(Task to carry out): Can you return the records below exactly as they stand, but only from the first line through the one with "- Screw_SHCS_10-32x0.5-22: Screw_SHCS_10-32x0.5"?

Dataset items:
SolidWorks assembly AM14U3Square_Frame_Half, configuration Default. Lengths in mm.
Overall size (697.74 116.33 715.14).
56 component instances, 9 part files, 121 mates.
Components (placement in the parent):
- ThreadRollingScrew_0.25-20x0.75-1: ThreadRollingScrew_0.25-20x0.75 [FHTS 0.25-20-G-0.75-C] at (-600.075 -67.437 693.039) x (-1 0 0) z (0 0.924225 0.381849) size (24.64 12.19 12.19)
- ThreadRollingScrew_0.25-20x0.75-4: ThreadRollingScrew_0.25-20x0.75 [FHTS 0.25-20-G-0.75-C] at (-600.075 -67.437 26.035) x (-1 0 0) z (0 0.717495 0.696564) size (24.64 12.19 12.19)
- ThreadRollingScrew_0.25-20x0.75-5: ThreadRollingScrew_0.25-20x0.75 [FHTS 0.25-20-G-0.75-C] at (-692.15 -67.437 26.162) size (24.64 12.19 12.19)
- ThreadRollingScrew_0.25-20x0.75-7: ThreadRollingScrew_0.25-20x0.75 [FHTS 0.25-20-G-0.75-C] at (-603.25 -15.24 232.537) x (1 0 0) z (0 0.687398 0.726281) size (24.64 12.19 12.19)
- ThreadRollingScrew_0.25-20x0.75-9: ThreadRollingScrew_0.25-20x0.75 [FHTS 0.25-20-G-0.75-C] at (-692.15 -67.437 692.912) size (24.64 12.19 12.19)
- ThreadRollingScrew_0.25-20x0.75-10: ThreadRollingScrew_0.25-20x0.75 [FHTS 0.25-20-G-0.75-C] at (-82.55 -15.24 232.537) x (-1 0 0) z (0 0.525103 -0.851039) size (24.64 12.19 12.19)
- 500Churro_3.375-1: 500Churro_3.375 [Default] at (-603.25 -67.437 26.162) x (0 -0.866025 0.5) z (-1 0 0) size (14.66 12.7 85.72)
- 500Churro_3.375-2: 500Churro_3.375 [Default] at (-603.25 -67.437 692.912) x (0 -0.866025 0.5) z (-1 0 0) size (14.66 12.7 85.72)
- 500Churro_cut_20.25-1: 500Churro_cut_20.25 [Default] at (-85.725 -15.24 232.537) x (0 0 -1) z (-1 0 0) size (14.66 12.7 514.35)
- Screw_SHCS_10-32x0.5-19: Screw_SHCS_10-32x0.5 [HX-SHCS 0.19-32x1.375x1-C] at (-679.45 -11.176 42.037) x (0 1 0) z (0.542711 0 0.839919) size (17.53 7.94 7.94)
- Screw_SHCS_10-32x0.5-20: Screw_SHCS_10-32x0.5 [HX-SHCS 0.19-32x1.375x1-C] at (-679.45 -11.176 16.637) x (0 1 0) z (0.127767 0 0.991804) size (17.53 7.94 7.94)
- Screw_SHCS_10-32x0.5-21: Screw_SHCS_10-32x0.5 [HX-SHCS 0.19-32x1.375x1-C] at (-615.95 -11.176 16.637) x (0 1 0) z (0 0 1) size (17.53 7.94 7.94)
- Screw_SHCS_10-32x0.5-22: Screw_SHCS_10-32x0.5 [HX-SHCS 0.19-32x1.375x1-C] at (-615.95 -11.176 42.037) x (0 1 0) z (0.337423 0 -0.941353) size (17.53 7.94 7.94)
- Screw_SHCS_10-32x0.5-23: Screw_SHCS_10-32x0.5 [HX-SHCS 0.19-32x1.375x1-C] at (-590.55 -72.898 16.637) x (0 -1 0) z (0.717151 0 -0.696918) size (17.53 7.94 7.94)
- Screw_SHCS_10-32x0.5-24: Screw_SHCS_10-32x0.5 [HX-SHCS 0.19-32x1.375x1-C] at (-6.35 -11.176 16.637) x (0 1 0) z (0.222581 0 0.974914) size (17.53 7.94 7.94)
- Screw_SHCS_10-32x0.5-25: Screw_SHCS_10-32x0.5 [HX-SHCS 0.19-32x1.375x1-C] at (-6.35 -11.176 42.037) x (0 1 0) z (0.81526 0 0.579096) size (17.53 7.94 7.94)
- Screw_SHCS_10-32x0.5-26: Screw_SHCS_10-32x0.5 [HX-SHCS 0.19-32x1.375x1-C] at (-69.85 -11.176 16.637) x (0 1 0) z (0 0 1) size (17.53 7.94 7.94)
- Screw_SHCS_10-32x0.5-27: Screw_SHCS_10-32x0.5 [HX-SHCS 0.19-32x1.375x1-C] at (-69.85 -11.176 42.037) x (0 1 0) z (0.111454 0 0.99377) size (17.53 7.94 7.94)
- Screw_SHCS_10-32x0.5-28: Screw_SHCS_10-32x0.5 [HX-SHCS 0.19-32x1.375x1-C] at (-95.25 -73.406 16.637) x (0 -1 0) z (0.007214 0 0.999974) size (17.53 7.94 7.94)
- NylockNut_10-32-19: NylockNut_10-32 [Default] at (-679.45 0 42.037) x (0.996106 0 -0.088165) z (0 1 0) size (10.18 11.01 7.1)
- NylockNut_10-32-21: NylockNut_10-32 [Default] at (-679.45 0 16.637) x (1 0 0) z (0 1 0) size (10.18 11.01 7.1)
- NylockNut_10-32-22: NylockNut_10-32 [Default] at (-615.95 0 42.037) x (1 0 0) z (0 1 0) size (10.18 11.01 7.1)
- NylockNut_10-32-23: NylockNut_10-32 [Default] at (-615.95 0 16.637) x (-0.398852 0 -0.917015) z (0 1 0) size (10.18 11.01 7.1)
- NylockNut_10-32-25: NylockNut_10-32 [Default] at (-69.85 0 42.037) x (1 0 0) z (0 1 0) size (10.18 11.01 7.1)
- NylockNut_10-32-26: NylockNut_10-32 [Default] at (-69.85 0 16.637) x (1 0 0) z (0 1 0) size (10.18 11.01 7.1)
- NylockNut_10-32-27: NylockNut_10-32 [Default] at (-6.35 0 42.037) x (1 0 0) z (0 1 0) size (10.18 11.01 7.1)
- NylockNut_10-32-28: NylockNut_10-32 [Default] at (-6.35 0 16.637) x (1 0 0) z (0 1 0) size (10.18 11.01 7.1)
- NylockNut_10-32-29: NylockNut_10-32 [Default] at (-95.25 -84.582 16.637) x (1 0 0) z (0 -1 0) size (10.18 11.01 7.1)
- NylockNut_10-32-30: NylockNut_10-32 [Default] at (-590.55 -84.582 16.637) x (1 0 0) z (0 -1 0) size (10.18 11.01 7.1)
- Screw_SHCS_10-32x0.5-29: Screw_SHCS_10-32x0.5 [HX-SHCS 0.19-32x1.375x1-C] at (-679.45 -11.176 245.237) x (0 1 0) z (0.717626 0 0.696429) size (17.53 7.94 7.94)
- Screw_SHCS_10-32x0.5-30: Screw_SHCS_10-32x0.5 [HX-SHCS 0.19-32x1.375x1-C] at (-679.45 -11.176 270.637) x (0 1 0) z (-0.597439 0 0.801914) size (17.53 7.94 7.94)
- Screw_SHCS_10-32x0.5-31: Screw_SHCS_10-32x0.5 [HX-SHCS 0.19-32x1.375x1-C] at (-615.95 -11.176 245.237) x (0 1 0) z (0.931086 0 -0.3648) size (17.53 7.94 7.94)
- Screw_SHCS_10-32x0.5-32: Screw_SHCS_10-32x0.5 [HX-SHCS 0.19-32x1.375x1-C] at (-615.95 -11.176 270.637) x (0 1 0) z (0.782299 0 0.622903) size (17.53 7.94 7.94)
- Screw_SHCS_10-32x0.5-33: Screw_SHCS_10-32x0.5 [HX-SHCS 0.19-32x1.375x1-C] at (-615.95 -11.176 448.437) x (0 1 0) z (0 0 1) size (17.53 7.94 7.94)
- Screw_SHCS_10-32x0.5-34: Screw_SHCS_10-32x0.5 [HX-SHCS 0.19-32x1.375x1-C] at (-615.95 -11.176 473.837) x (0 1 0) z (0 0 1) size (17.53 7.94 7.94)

(Answer to the exercise):
SolidWorks assembly AM14U3Square_Frame_Half, configuration Default. Lengths in mm.
Overall size (697.74 116.33 715.14).
56 component instances, 9 part files, 121 mates.
Components (placement in the parent):
- ThreadRollingScrew_0.25-20x0.75-1: ThreadRollingScrew_0.25-20x0.75 [FHTS 0.25-20-G-0.75-C] at (-600.075 -67.437 693.039) x (-1 0 0) z (0 0.924225 0.381849) size (24.64 12.19 12.19)
- ThreadRollingScrew_0.25-20x0.75-4: ThreadRollingScrew_0.25-20x0.75 [FHTS 0.25-20-G-0.75-C] at (-600.075 -67.437 26.035) x (-1 0 0) z (0 0.717495 0.696564) size (24.64 12.19 12.19)
- ThreadRollingScrew_0.25-20x0.75-5: ThreadRollingScrew_0.25-20x0.75 [FHTS 0.25-20-G-0.75-C] at (-692.15 -67.437 26.162) size (24.64 12.19 12.19)
- ThreadRollingScrew_0.25-20x0.75-7: ThreadRollingScrew_0.25-20x0.75 [FHTS 0.25-20-G-0.75-C] at (-603.25 -15.24 232.537) x (1 0 0) z (0 0.687398 0.726281) size (24.64 12.19 12.19)
- ThreadRollingScrew_0.25-20x0.75-9: ThreadRollingScrew_0.25-20x0.75 [FHTS 0.25-20-G-0.75-C] at (-692.15 -67.437 692.912) size (24.64 12.19 12.19)
- ThreadRollingScrew_0.25-20x0.75-10: ThreadRollingScrew_0.25-20x0.75 [FHTS 0.25-20-G-0.75-C] at (-82.55 -15.24 232.537) x (-1 0 0) z (0 0.525103 -0.851039) size (24.64 12.19 12.19)
- 500Churro_3.375-1: 500Churro_3.375 [Default] at (-603.25 -67.437 26.162) x (0 -0.866025 0.5) z (-1 0 0) size (14.66 12.7 85.72)
- 500Churro_3.375-2: 500Churro_3.375 [Default] at (-603.25 -67.437 692.912) x (0 -0.866025 0.5) z (-1 0 0) size (14.66 12.7 85.72)
- 500Churro_cut_20.25-1: 500Churro_cut_20.25 [Default] at (-85.725 -15.24 232.537) x (0 0 -1) z (-1 0 0) size (14.66 12.7 514.35)
- Screw_SHCS_10-32x0.5-19: Screw_SHCS_10-32x0.5 [HX-SHCS 0.19-32x1.375x1-C] at (-679.45 -11.176 42.037) x (0 1 0) z (0.542711 0 0.839919) size (17.53 7.94 7.94)
- Screw_SHCS_10-32x0.5-20: Screw_SHCS_10-32x0.5 [HX-SHCS 0.19-32x1.375x1-C] at (-679.45 -11.176 16.637) x (0 1 0) z (0.127767 0 0.991804) size (17.53 7.94 7.94)
- Screw_SHCS_10-32x0.5-21: Screw_SHCS_10-32x0.5 [HX-SHCS 0.19-32x1.375x1-C] at (-615.95 -11.176 16.637) x (0 1 0) z (0 0 1) size (17.53 7.94 7.94)
- Screw_SHCS_10-32x0.5-22: Screw_SHCS_10-32x0.5 [HX-SHCS 0.19-32x1.375x1-C] at (-615.95 -11.176 42.037) x (0 1 0) z (0.337423 0 -0.941353) size (17.53 7.94 7.94)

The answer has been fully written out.